EXERCISE: When a line below holds the string "Inputs", show that line.

INPUT FOR THIS TASK:

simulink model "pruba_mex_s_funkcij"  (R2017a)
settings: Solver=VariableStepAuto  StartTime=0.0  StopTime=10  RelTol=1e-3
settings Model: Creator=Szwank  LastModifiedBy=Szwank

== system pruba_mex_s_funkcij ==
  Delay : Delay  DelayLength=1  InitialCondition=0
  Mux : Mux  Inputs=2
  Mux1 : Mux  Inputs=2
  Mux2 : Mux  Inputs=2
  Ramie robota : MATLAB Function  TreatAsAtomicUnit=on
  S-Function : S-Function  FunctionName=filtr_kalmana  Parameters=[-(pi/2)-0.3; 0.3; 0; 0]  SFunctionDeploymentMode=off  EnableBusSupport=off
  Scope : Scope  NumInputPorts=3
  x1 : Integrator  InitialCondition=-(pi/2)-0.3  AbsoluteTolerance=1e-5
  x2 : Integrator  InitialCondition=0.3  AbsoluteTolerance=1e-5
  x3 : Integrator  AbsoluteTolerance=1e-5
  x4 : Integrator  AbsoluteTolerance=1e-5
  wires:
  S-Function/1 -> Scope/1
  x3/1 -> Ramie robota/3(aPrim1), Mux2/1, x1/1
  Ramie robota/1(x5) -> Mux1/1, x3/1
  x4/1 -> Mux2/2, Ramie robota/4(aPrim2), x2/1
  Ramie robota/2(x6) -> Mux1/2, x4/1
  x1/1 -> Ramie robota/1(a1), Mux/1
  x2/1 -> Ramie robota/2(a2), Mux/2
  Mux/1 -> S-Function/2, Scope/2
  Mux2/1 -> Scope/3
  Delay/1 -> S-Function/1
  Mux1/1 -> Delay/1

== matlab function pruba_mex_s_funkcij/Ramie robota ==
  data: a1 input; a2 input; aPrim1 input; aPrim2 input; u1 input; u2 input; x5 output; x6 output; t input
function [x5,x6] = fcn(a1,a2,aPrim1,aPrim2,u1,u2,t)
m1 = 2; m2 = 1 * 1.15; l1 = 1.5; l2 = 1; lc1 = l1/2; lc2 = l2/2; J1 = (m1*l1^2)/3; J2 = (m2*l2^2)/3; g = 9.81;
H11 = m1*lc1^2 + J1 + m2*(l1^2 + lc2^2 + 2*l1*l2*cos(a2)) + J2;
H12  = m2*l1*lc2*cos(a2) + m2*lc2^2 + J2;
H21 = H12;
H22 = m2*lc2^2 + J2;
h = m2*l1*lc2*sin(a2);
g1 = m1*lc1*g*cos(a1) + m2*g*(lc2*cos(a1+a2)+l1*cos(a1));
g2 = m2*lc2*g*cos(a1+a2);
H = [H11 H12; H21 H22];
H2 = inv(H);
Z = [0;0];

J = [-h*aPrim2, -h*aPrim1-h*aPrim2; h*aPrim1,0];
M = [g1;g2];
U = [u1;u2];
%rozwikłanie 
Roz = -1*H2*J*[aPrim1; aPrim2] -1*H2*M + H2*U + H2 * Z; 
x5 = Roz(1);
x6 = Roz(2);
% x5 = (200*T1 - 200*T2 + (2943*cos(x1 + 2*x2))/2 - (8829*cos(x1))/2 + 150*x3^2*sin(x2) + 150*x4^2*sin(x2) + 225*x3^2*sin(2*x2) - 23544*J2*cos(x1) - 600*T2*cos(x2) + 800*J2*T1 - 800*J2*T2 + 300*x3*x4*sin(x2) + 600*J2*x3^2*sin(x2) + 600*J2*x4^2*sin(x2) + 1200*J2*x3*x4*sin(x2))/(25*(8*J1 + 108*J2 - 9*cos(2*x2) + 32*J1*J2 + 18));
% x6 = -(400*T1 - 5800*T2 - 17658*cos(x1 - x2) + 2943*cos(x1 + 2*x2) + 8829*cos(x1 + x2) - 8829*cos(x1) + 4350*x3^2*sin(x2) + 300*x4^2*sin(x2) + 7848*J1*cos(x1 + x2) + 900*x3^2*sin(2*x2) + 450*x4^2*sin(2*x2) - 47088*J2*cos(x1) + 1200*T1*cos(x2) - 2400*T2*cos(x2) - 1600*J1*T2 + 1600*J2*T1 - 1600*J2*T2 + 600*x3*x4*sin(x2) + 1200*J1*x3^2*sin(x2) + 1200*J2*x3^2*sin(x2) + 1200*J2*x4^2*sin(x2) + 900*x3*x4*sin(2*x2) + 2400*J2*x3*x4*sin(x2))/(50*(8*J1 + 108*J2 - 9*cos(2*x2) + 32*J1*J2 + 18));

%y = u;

EXPECTED ANSWER:
  Mux : Mux  Inputs=2
  Mux1 : Mux  Inputs=2
  Mux2 : Mux  Inputs=2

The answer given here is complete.